Netflix, the creators of House of Cards, made use of social and big data about people’s viewing habits on Netflix in creating the show.

They allowed the data gathered to guide them in picking the actors and structure of the show. The show was a hit and people requested for the second season. The second season has since been released and it was a hit too. Netflix realised that people like to binge watch series. They capitalised on this and released House of Cards Season 2 all episodes at once.

Virallity was built in from the point when the show was created. Could this have been luck? Data gathered after the show suggests that the plan of Netflix and their expectation was met. We need to see if Netflix is going to keep winning like they did with House of Cards in creating another show leveraging on social and big data gleaned from viewing habits of Netflix users.
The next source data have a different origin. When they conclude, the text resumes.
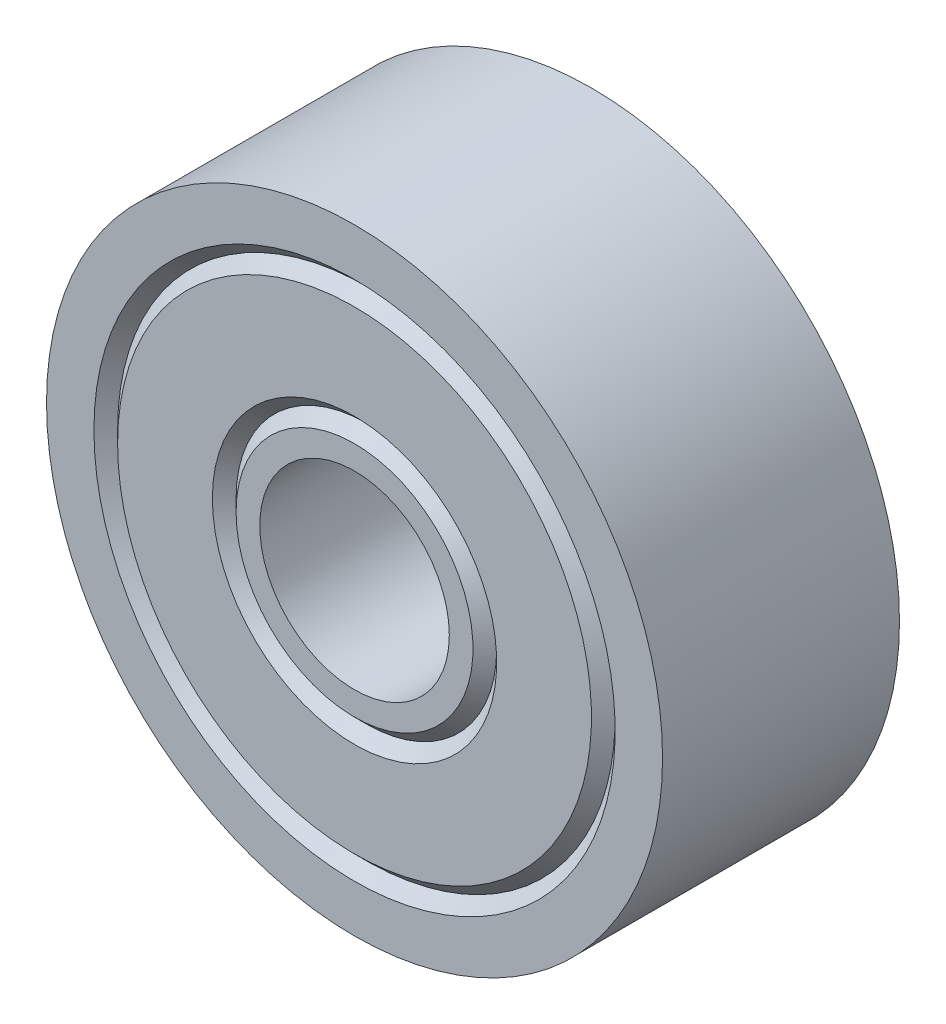
from build123d import *

# Parameters (mm, degrees)
SKETCH1_R           = 6.5
SKETCH1_R_2         = 2
BOSS_EXTRUDE1_DEPTH = 5


with BuildPart() as part:
    # Sketch1 → Boss-Extrude1 (new body)
    with BuildSketch(Plane.XY):
        Circle(SKETCH1_R)
        Circle(SKETCH1_R_2, mode=Mode.SUBTRACT)
    extrude(amount=BOSS_EXTRUDE1_DEPTH)

    # Sketch2 → Cut-Revolve1 (revolve, cut)
    with BuildSketch(Plane(origin=(0, 0, 0), x_dir=(0, 0, -1), z_dir=(1, 0, 0)), mode=Mode.PRIVATE) as cut_revolve1_sk:
        Polygon((-5, 5.5), (-5, 5), (-4.75, 5.25), align=None)
        Polygon((-5, 3), (-5, 2.5), (-4.75, 2.75), align=None)
        Polygon((-0.25, 2.75), (0, 3), (0, 2.5), align=None)
        Polygon((-0.25, 5.25), (0, 5.5), (0, 5), align=None)
    revolve(cut_revolve1_sk.sketch.rotate(Axis((0, 0, 0), (0, 0, 1)), 90), axis=Axis((0, 0, 0), (0, 0, 1)), mode=Mode.SUBTRACT)


solid = part.part

One can only assume that Anakle used similar data sets or strategies when developing the Bride Price App.

While virality can be planned for, there’s not guarantee that it will work.

It is taking a chance, albeit on some data collected. Saying one can create viral is saying we can control people. What groups of people choose to do can vary depending on several circumstances like who, where, when and some pure chance.

Who wants to create a campaign leaving it to chance?

There are agencies that have created campaigns in the past for the sole aim of making it go viral. As Munachi, Anakle’s Creative Lead, admitted to me, they were just having some fun creating the app. They weren’t building because they were dead sure it would go viral; but it did.

The Gangnam style video broke YouTube's views record; it passed the 2 billion views mark. That is viral. But has Psy been able to create another video that has similar viral effect? The answer is no. The second most watched YouTube video of all time is Justin Biebers “Baby.”

Viral as a strategy is not a guarantee.

Even though it is like that, it is not going to stop brands from trying to build viral campaigns or trying to buy into creations on the web like the Bride Price App that have gone viral.

Anakle has gone to create a Bride Price App for Kenya too. Which has already started making headlines.

From the pedigree of the clients that Anakle has worked with and still working with, they are definitely doing something right. I have met the founder a couple of times and he’s a person of high pedigree too, that knows his onions.

In my opinion, they are definitely an agency on the continent to watch.